(Records from a collection)
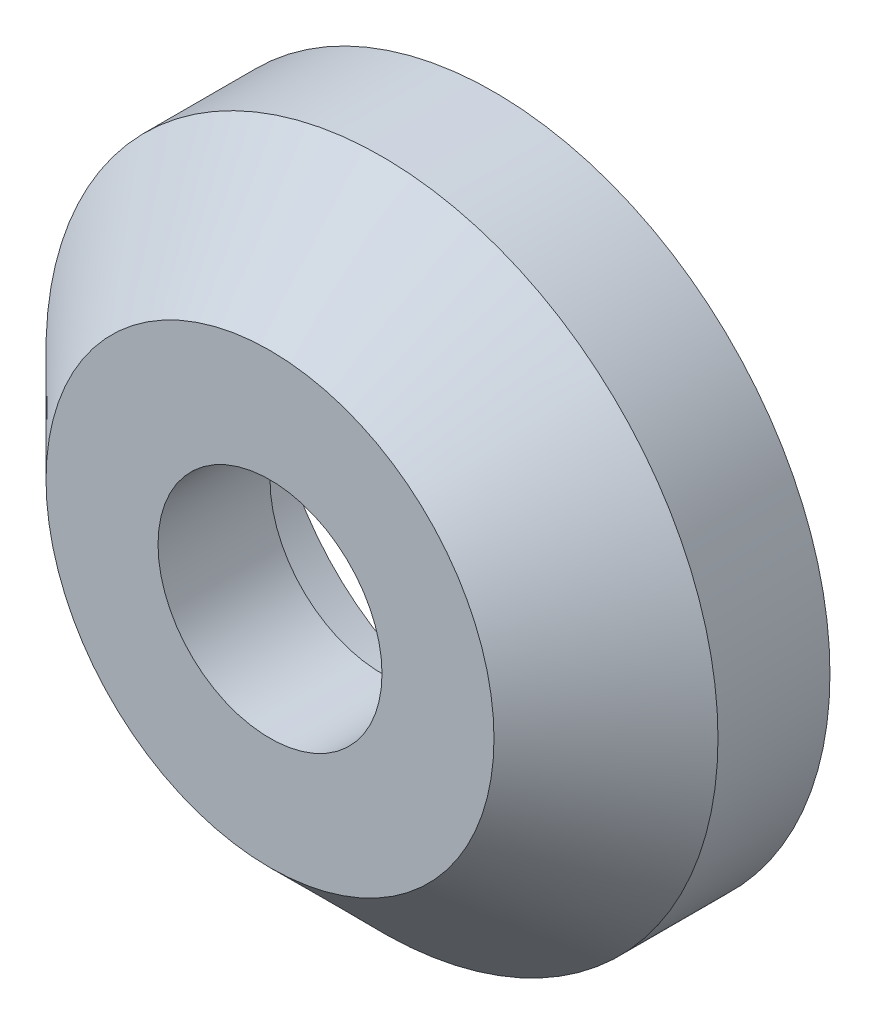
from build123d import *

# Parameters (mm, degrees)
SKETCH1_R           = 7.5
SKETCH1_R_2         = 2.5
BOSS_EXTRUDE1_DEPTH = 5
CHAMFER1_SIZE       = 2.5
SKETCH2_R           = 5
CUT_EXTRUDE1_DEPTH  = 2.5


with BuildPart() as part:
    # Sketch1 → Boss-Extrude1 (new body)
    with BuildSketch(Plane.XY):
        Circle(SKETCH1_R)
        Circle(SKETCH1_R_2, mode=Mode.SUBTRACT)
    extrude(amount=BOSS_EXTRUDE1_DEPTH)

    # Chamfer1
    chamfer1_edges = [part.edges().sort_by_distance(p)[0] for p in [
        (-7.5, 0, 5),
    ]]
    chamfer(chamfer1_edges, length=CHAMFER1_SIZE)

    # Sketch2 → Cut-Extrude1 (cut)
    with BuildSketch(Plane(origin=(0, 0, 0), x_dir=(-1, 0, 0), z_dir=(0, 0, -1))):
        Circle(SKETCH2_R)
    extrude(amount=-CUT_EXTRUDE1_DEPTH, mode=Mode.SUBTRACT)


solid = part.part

■ **About this task**
For each line in the data that holds the word "part", copy the line.

■ **Task solution**
with BuildPart() as part:
    chamfer1_edges = [part.edges().sort_by_distance(p)[0] for p in [
solid = part.part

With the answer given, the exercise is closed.